Could you filter the records below and return each line that holds "radius"?

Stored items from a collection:

++++++

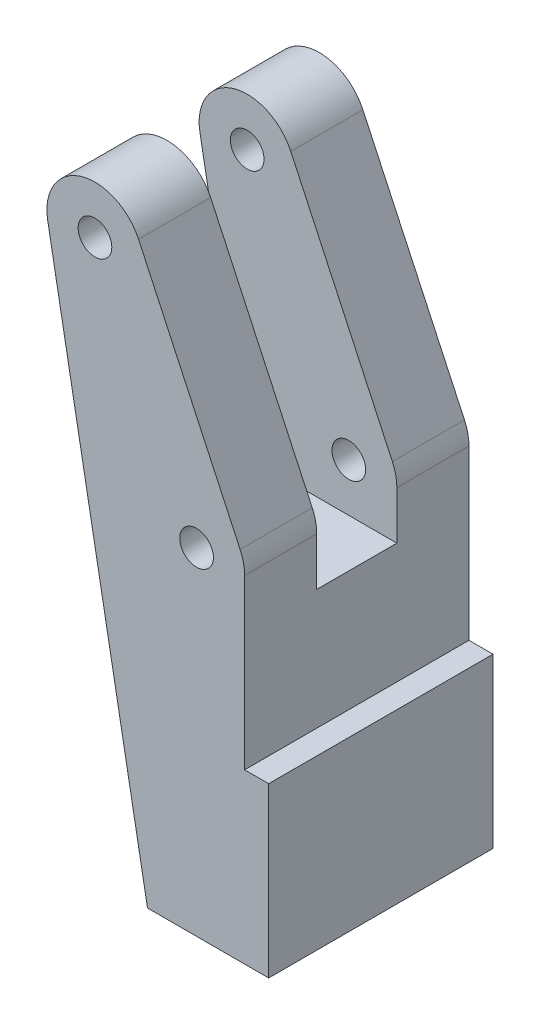
SolidWorks part; units mm, degrees
ref_plane "Front Plane" through (0, 0, 0) normal (0, 0, 1) x (1, 0, 0)
ref_plane "Top Plane" through (0, 0, 0) normal (0, 1, 0) x (1, 0, 0)
ref_plane "Right Plane" through (0, 0, 0) normal (1, 0, 0) x (0, 0, -1)
sketch "Sketch1" plane through (0, 0, 0) normal (0, 0, 1) x (1, 0, 0)
  line L0 (0, 0) -> (0, -35) construction
  line L1 (0, 0) -> (-10.5655, 22.6577) construction
  line L2 (-6.0339, 24.7708) -> (4.5315, 2.1131)
  line L3 (5, 0) -> (5, -35)
  line L4 (-5.1029, -35) -> (-15.4839, 21.7581)
  line L5 (5, -35) -> (-5.1029, -35)
  arc A1 (5, 0) -> (4.5315, 2.1131) centre (0, 0) ccw
  arc A2 (-6.0339, 24.7708) -> (-15.4839, 21.7581) centre (-10.5655, 22.6577) ccw
  circle A3 centre (-10.5655, 22.6577) radius 1.75
  circle A4 centre (0, 0) radius 1.75
  dimension "D4" = 10
  dimension "D5" = 10
  dimension "D7" = 3.5
  dimension "D8" = 3.5
  dimension "D1" = 25
  dimension "D2" = 25
  dimension "D3" = 35
extrude "Boss-Extrude1" add sketch "Sketch1" along normal blind 7.5
sketch "Sketch2" plane through (0, 0, 7.5) normal (0, 0, 1) x (1, 0, 0)
  line L0 (5, -5) -> (-10.5898, -5)
  line L1 (5, -35) -> (5, 0) construction
  line L2 (-15.4839, 21.7581) -> (-5.1029, -35) construction
  line L3 (-10.5898, -5) -> (-5.1029, -35)
  line L4 (-5.1029, -35) -> (5, -35)
  line L5 (5, -35) -> (5, -5)
  circle A0 centre (0, 0) radius 5 construction
  dimension "D1" = 10
extrude "Boss-Extrude2" add sketch "Sketch2" along normal blind 8.3333
sketch "Sketch3" plane through (0, 0, 15.8333) normal (0, 0, 1) x (1, 0, 0)
  line L0 (5, 0) -> (5, -35)
  line L1 (5, -35) -> (-5.1029, -35)
  line L2 (-5.1029, -35) -> (-15.4839, 21.7581)
  line L3 (-6.0339, 24.7708) -> (4.5315, 2.1131)
  arc A0 (-15.4839, 21.7581) -> (-6.0339, 24.7708) centre (-10.5655, 22.6577) cw
  arc A1 (5, 0) -> (4.5315, 2.1131) centre (0, 0) ccw
  circle A2 centre (0, 0) radius 1.75
  circle A3 centre (-10.5655, 22.6577) radius 1.75
extrude "Boss-Extrude4" add sketch "Sketch3" along normal blind 7.5
sketch "Sketch4" plane through (5, 0, 0) normal (1, 0, 0) x (0, 0, -1)
  line L0 (0, -35) -> (-23.3333, -35)
  line L1 (-23.3333, -35) -> (-23.3333, -17.5)
  line L2 (-23.3333, -35) -> (-23.3333, 0) construction
  line L3 (-23.3333, -17.5) -> (0, -17.5)
  line L4 (0, -35) -> (0, 0) construction
  line L5 (0, -17.5) -> (0, -35)
extrude "Boss-Extrude5" add sketch "Sketch4" along normal blind 2.5

++++++

* Reply to the task:
  circle A3 centre (-10.5655, 22.6577) radius 1.75
  circle A4 centre (0, 0) radius 1.75
  circle A0 centre (0, 0) radius 5 construction
  circle A2 centre (0, 0) radius 1.75
  circle A3 centre (-10.5655, 22.6577) radius 1.75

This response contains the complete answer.